Records shown Block Start

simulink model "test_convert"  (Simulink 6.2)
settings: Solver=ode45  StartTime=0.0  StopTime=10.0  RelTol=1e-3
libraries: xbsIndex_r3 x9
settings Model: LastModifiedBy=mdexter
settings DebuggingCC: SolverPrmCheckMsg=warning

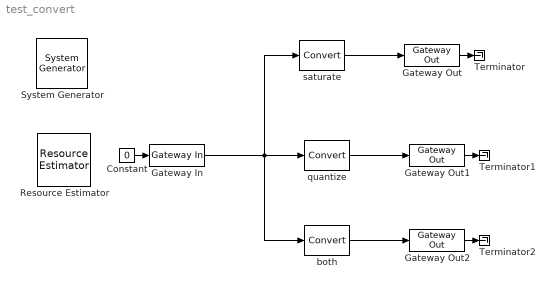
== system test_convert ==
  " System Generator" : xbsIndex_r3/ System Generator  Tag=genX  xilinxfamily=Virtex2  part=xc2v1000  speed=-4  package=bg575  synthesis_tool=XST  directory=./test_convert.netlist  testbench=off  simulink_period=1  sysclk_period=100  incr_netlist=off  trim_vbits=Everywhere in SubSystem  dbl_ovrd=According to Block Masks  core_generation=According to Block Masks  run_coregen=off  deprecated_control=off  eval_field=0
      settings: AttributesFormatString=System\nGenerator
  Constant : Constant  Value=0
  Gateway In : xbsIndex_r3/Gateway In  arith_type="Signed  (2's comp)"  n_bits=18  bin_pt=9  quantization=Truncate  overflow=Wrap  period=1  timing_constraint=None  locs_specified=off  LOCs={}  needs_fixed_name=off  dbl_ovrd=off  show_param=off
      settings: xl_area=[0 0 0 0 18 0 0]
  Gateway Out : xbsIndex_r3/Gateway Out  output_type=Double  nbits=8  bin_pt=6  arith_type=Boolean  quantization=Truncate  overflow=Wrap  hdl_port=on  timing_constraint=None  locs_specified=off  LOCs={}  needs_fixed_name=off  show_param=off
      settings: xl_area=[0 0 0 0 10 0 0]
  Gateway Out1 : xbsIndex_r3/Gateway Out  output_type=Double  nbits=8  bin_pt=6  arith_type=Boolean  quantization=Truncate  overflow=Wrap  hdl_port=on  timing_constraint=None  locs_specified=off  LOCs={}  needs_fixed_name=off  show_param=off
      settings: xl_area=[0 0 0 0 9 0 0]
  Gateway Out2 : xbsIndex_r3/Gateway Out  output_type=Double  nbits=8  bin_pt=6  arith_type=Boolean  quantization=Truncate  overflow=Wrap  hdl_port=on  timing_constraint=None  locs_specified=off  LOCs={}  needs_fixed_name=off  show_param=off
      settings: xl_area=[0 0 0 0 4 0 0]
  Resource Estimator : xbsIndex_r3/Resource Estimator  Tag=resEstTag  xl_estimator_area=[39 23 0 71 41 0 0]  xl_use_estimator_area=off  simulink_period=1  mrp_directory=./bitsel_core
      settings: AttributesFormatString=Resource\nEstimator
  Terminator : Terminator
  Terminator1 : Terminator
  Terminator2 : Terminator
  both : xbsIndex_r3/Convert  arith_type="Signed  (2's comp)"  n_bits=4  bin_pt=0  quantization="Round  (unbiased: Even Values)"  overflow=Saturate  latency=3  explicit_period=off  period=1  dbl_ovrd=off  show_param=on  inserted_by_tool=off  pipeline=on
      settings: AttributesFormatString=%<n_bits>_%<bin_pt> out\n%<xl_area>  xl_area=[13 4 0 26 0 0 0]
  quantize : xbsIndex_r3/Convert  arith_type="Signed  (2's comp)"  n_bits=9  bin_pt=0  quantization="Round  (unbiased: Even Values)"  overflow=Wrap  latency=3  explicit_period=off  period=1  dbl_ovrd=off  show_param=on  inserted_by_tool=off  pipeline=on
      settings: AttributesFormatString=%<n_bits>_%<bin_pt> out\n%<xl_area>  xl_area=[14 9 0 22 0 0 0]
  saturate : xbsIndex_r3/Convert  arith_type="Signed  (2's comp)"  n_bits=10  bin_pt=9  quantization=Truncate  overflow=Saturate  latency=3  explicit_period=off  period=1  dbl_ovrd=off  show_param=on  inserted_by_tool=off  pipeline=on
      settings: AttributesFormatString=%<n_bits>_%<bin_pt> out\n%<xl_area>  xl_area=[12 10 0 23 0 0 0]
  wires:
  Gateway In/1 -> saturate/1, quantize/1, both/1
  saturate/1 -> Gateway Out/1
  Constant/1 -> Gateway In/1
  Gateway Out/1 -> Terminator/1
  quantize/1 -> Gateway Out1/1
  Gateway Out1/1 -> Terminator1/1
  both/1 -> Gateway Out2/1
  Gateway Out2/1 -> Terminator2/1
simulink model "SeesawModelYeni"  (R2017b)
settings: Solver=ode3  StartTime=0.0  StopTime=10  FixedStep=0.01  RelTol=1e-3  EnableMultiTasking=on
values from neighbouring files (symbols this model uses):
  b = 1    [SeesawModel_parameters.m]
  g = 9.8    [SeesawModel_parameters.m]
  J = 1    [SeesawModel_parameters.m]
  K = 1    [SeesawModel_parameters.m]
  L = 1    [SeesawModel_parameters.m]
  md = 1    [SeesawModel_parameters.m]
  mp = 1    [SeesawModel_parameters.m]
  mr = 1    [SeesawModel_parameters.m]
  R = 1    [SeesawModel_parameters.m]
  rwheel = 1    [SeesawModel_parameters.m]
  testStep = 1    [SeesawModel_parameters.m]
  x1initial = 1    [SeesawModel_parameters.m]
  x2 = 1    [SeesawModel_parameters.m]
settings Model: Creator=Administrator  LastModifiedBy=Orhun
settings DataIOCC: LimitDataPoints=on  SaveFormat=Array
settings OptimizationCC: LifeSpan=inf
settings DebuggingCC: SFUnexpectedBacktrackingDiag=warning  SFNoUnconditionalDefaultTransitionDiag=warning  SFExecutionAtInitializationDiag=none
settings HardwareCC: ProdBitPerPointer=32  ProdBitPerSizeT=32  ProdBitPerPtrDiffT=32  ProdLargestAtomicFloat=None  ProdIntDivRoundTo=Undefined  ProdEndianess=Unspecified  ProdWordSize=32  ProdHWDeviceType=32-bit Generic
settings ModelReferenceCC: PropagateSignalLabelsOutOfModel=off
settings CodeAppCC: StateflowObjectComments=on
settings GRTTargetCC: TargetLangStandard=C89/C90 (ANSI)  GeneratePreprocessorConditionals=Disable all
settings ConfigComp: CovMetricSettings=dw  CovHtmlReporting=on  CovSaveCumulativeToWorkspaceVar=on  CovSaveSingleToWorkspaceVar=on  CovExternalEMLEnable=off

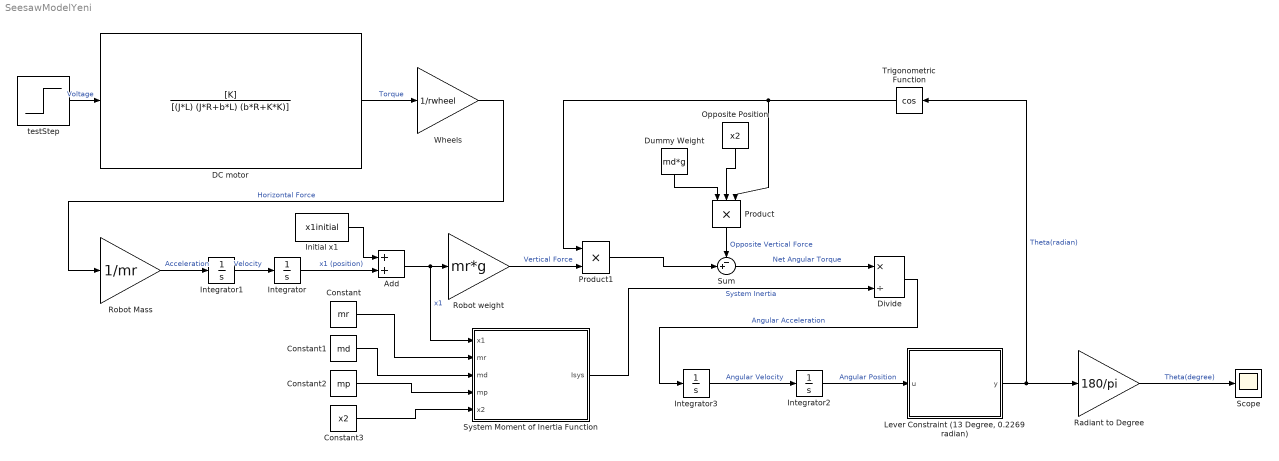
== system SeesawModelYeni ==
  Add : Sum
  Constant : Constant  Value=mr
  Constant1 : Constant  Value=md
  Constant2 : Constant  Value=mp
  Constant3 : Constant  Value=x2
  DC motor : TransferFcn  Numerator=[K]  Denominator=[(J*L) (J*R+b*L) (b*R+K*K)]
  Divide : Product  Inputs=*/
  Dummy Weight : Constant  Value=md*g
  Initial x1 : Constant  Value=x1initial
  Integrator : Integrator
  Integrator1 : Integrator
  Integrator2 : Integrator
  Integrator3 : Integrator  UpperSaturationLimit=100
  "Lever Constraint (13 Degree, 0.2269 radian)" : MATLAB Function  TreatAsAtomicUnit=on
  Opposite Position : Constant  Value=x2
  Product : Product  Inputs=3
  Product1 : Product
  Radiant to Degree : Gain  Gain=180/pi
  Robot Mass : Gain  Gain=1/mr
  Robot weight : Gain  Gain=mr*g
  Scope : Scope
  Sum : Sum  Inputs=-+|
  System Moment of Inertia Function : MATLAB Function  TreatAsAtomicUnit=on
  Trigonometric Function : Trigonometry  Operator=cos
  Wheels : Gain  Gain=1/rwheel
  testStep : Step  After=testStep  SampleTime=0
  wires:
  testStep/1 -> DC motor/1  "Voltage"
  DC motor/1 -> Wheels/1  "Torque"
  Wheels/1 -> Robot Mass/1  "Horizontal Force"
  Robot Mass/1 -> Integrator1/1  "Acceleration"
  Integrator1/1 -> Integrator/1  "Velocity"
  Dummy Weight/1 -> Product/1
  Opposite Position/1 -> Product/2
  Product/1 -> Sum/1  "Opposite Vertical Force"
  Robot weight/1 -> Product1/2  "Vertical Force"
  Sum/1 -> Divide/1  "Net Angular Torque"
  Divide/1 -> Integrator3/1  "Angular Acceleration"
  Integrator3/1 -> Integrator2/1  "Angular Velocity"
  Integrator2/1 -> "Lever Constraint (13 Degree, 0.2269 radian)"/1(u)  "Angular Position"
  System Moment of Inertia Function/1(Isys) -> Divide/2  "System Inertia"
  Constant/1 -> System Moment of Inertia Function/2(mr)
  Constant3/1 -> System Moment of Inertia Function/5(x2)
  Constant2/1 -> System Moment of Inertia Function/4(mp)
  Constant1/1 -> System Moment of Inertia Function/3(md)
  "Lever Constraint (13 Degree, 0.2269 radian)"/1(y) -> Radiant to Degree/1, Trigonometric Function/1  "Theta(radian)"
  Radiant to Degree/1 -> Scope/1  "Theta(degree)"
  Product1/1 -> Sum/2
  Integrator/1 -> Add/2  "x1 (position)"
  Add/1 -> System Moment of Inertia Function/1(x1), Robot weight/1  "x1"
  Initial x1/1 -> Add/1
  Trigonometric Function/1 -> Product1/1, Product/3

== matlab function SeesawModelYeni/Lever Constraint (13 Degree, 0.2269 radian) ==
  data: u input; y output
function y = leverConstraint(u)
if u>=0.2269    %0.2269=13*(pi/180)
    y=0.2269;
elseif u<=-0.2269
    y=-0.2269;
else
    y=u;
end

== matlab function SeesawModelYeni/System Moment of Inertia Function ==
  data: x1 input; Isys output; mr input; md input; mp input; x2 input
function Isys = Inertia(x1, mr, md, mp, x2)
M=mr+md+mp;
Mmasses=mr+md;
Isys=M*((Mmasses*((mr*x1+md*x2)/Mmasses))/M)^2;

Records shown Block End

Activity: The output is the lines from the start of the data above through the line containing "settings: xl_area=[0 0 0 0 18 0 0]", unchanged, with any picture left out.

Output for this exercise:
simulink model "test_convert"  (Simulink 6.2)
settings: Solver=ode45  StartTime=0.0  StopTime=10.0  RelTol=1e-3
libraries: xbsIndex_r3 x9
settings Model: LastModifiedBy=mdexter
settings DebuggingCC: SolverPrmCheckMsg=warning

== system test_convert ==
  " System Generator" : xbsIndex_r3/ System Generator  Tag=genX  xilinxfamily=Virtex2  part=xc2v1000  speed=-4  package=bg575  synthesis_tool=XST  directory=./test_convert.netlist  testbench=off  simulink_period=1  sysclk_period=100  incr_netlist=off  trim_vbits=Everywhere in SubSystem  dbl_ovrd=According to Block Masks  core_generation=According to Block Masks  run_coregen=off  deprecated_control=off  eval_field=0
      settings: AttributesFormatString=System\nGenerator
  Constant : Constant  Value=0
  Gateway In : xbsIndex_r3/Gateway In  arith_type="Signed  (2's comp)"  n_bits=18  bin_pt=9  quantization=Truncate  overflow=Wrap  period=1  timing_constraint=None  locs_specified=off  LOCs={}  needs_fixed_name=off  dbl_ovrd=off  show_param=off
      settings: xl_area=[0 0 0 0 18 0 0]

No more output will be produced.